A common bacteria spread in hospitals is becoming resistant to some hand sanitizers, study says

A closeup of a bacteria called Enterococcus faecium as if looked at through a microscope
Impact

The global hand sanitizer market was worth $919 million in 2016. But dousing our hands in these alcohol-based products may not be as effective as we think, according to a new study published in the journal Science Translational Medicine.

Researchers in Australia gathered 139 different hospital strains of a bacteria called Enterococcus faecium, which is normally found in people’s gastrointestinal tract and is often spread in hospital settings. Researchers studied bacteria samples collected between 1997 and 2015, testing each one to see if they were resistant to alcohol.

The researchers found that the Enterococcus faecium bacteria gathered after 2010 were 10 times more likely to be resistant to alcohol — meaning that they’re incredibly hard to kill with sanitizer. In other words, strains of bacteria from 2010 onward adapted to alcohols used in many commercial sanitizers.

“Anywhere we repeat a procedure over and over and over again, whether it’s in a hospital or at home or anywhere else, you’re giving bacteria an opportunity to adapt, because that’s what they do, they mutate,” Tim Stinear, a professor at the University of Melbourne and the scientific director of the Doherty Applied Microbial Genomics Center, said in a release. “The ones that survive the new environment better then go on to thrive.”

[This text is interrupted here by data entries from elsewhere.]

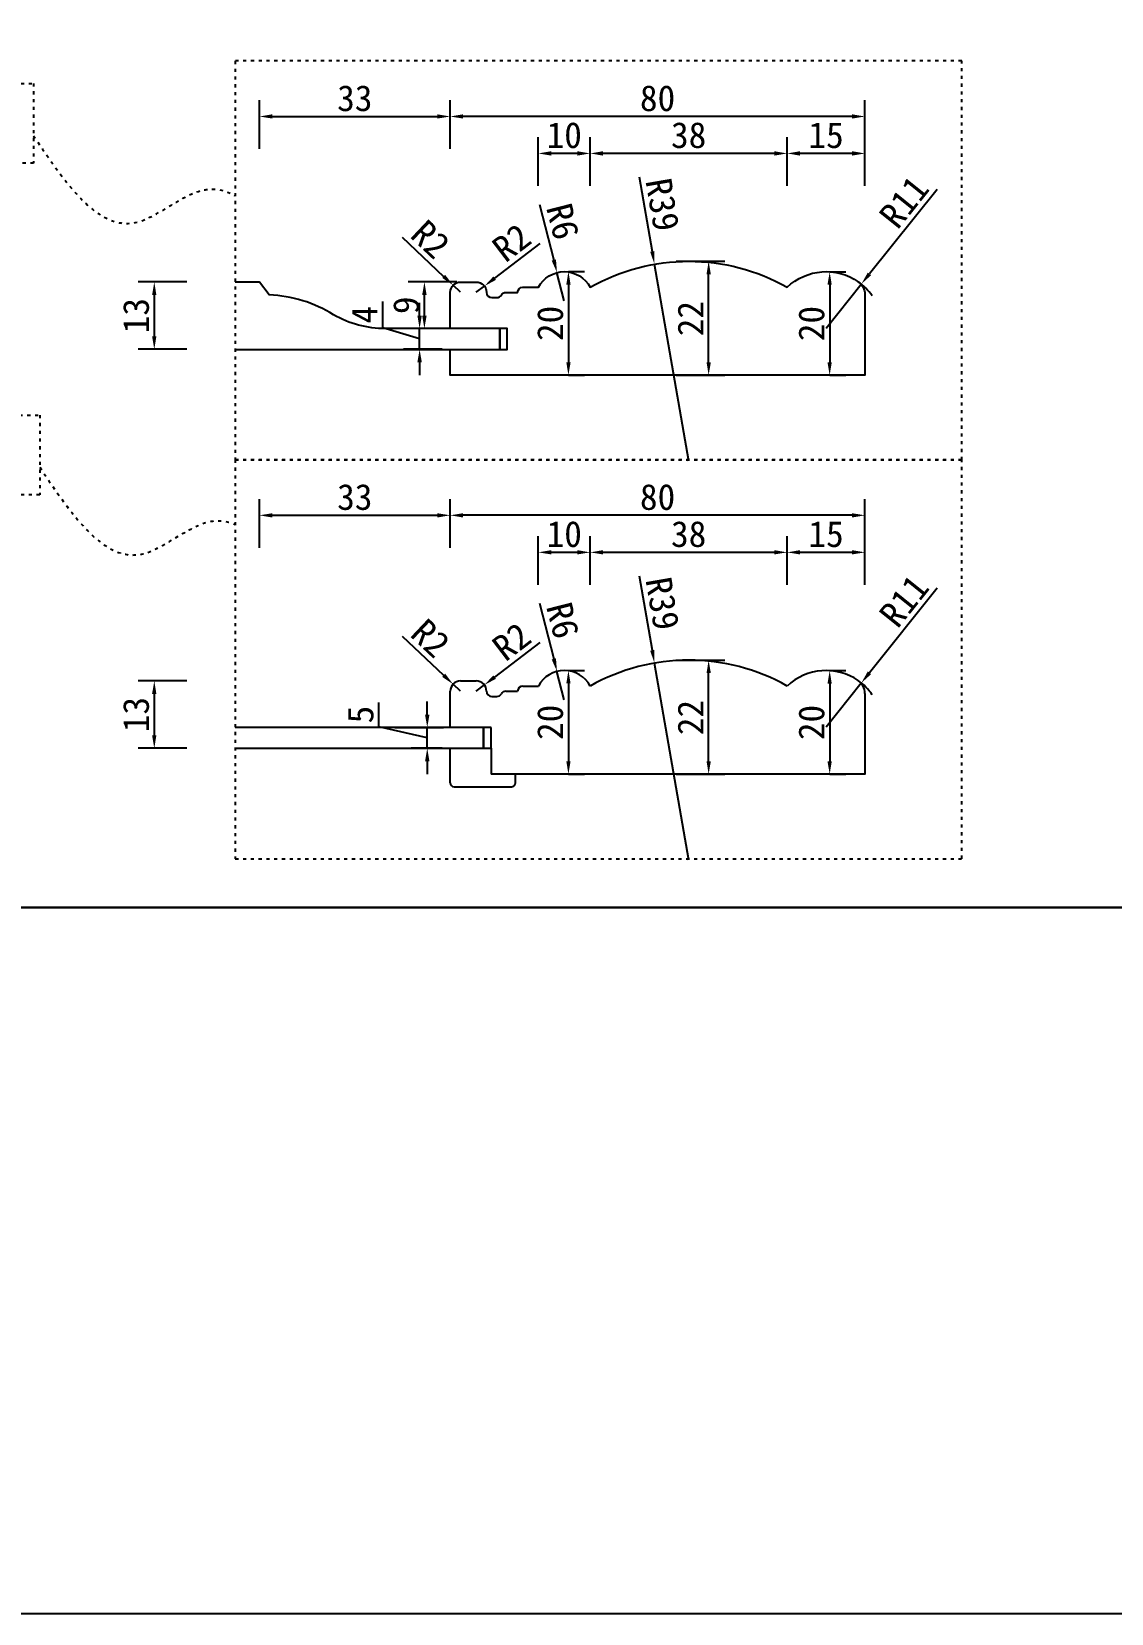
# Model space of a CAD drawing. Header units: millimetres. Extents: x 85186 to 129000, y -77269 to -36327.
# Drawn here: x 97539 to 98372, y -61167 to -59946 of the extents above; entities that cross this region are included whole.
import ezdxf

# ---------------------------------------------------------------- set-up
doc = ezdxf.new("R2010")
doc.units = ezdxf.units.MM
doc.linetypes.add('100', pattern=[30, 12, -18])
doc.styles.get("Standard").update_dxf_attribs({"font": 'SimSun.ttf'})
doc.dimstyles.new('ZB16-1.0+4倍大样', dxfattribs={"dimscale": 10, "dimtxt": 2, "dimasz": 1, "dimexe": 1.25, "dimexo": 0.625, "dimgap": 0.4, "dimtad": 1, "dimdec": 1, "dimlfac": 0.25, "dimtxsty": 'Standard', "dimcen": 2.5, "dimclrd": 144, "dimclre": 144, "dimclrt": 4, "dimadec": 0, "dimazin": 0, "dimtfac": 1, "dimtdec": 1, "dimtmove": 1, "dimatfit": 3, "dimfxlon": 1, "dimarcsym": 0})

# ---------------------------------------------------------------- blocks, each defined once
blk = doc.blocks.new('*D3111')
at = {"color": 144, "lineweight": -2, "transparency": 16777216}
for p, q in [((97658.9, -60139.5), (97621.4, -60139.5)), ((97633.9, -60149.5), (97633.9, -60181.5)), ((97658.9, -60191.5), (97621.4, -60191.5))]:
    blk.add_line(p, q, dxfattribs=at)
at = {"color": 144, "transparency": 16777216}
for points in [[(97632.2, -60149.5), (97635.5, -60149.5), (97633.9, -60139.5)], [(97632.2, -60181.5), (97635.5, -60181.5), (97633.9, -60191.5)]]:
    blk.add_solid(points, dxfattribs=at)
at = {"layer": 'Defpoints', "color": 0, "transparency": 16777216}
for p in [(97690, -60139.5), (97633.9, -60191.5), (97690, -60191.5)]:
    blk.add_point(p, dxfattribs=at)
at = {"color": 4, "transparency": 16777216, "insert": (97619.9, -60165.5), "char_height": 20, "attachment_point": 5, "rotation": 90}
blk.add_mtext('13', dxfattribs=at)
blk = doc.blocks.new('*D3112')
at = {"color": 144, "lineweight": -2, "transparency": 16777216}
for p, q in [((97862.2, -60036.8), (97862.2, -59999.3)), ((98182.2, -60036.8), (98182.2, -59999.3)), ((98172.2, -60011.8), (97872.2, -60011.8))]:
    blk.add_line(p, q, dxfattribs=at)
at = {"color": 144, "transparency": 16777216}
for points in [[(97872.2, -60010.1), (97872.2, -60013.4), (97862.2, -60011.8)], [(98172.2, -60010.1), (98172.2, -60013.4), (98182.2, -60011.8)]]:
    blk.add_solid(points, dxfattribs=at)
at = {"layer": 'Defpoints', "color": 0, "transparency": 16777216}
for p in [(97862.2, -60011.8), (97862.2, -60120.4), (98182.2, -60180.4)]:
    blk.add_point(p, dxfattribs=at)
at = {"color": 4, "transparency": 16777216, "insert": (98022.2, -59997.8), "char_height": 20, "attachment_point": 5}
blk.add_mtext('80', dxfattribs=at)
blk = doc.blocks.new('*D3113')
at = {"color": 144, "lineweight": -2, "transparency": 16777216}
for p, q in [((98036.6, -60123.5), (98074.1, -60123.5)), ((98061.6, -60201.5), (98061.6, -60133.5)), ((98036.6, -60211.5), (98074.1, -60211.5))]:
    blk.add_line(p, q, dxfattribs=at)
at = {"color": 144, "transparency": 16777216}
for points in [[(98060, -60133.5), (98063.3, -60133.5), (98061.6, -60123.5)], [(98060, -60201.5), (98063.3, -60201.5), (98061.6, -60211.5)]]:
    blk.add_solid(points, dxfattribs=at)
at = {"layer": 'Defpoints', "color": 0, "transparency": 16777216}
for p in [(97875, -60123.5), (98061.6, -60123.5), (98010.2, -60211.5)]:
    blk.add_point(p, dxfattribs=at)
at = {"color": 4, "transparency": 16777216, "insert": (98047.6, -60167.8), "char_height": 20, "attachment_point": 5, "rotation": 90}
blk.add_mtext('22', dxfattribs=at)
blk = doc.blocks.new('*D3114')
at = {"color": 144, "lineweight": -2, "transparency": 16777216}
for p, q in [((97715, -60036.8), (97715, -59999.3)), ((97862.2, -60036.8), (97862.2, -59999.3)), ((97725, -60011.8), (97852.2, -60011.8))]:
    blk.add_line(p, q, dxfattribs=at)
at = {"color": 144, "transparency": 16777216}
for points in [[(97725, -60010.1), (97725, -60013.4), (97715, -60011.8)], [(97852.2, -60010.1), (97852.2, -60013.4), (97862.2, -60011.8)]]:
    blk.add_solid(points, dxfattribs=at)
at = {"layer": 'Defpoints', "color": 0, "transparency": 16777216}
for p in [(97862.2, -60011.8), (97715, -60090.4), (97862.2, -60098.4)]:
    blk.add_point(p, dxfattribs=at)
at = {"color": 4, "transparency": 16777216, "insert": (97788.6, -59997.8), "char_height": 20, "attachment_point": 5}
blk.add_mtext('33', dxfattribs=at)
blk = doc.blocks.new('*D3115')
at = {"color": 144, "lineweight": -2, "transparency": 16777216}
for p, q in [((97810.1, -60175), (97810.1, -60154.7)), ((97838.6, -60165.5), (97838.6, -60155.5)), ((97838.6, -60183.5), (97810.1, -60175)), ((97850.1, -60175.5), (97826.1, -60175.5)), ((97838.6, -60191.5), (97838.6, -60175.5)), ((97838.6, -60191.5), (97838.6, -60175.5)), ((97856, -60191.5), (97826.1, -60191.5)), ((97838.6, -60201.5), (97838.6, -60211.5))]:
    blk.add_line(p, q, dxfattribs=at)
at = {"color": 144, "transparency": 16777216}
for points in [[(97836.9, -60165.5), (97840.3, -60165.5), (97838.6, -60175.5)], [(97836.9, -60201.5), (97840.3, -60201.5), (97838.6, -60191.5)]]:
    blk.add_solid(points, dxfattribs=at)
at = {"layer": 'Defpoints', "color": 0, "transparency": 16777216}
for p in [(97838.6, -60175.5), (97856.3, -60175.5), (97862.2, -60191.5)]:
    blk.add_point(p, dxfattribs=at)
at = {"color": 4, "transparency": 16777216, "insert": (97796.1, -60164.8), "char_height": 20, "attachment_point": 5, "rotation": 90}
blk.add_mtext('4', dxfattribs=at)
blk = doc.blocks.new('*D3116')
at = {"color": 144, "lineweight": -2, "transparency": 16777216}
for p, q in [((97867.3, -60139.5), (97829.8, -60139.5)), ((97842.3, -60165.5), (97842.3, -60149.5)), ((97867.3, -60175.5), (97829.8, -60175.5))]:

Enterococci bacteria is no joke. It makes up about 10% of hospital-acquired blood bacteria in the world, and is North America’s fourth-leading cause of sepsis (a life-threatening complication to infections), according to the study.

But the lesson here isn’t to stop using hand sanitizer or other alcohol-based cleaners. Instead, doctors, nurses and everyday people should use a variety of products to keep their environments clean — and hopefully, bacteria of the future doesn’t adapt to all of those too.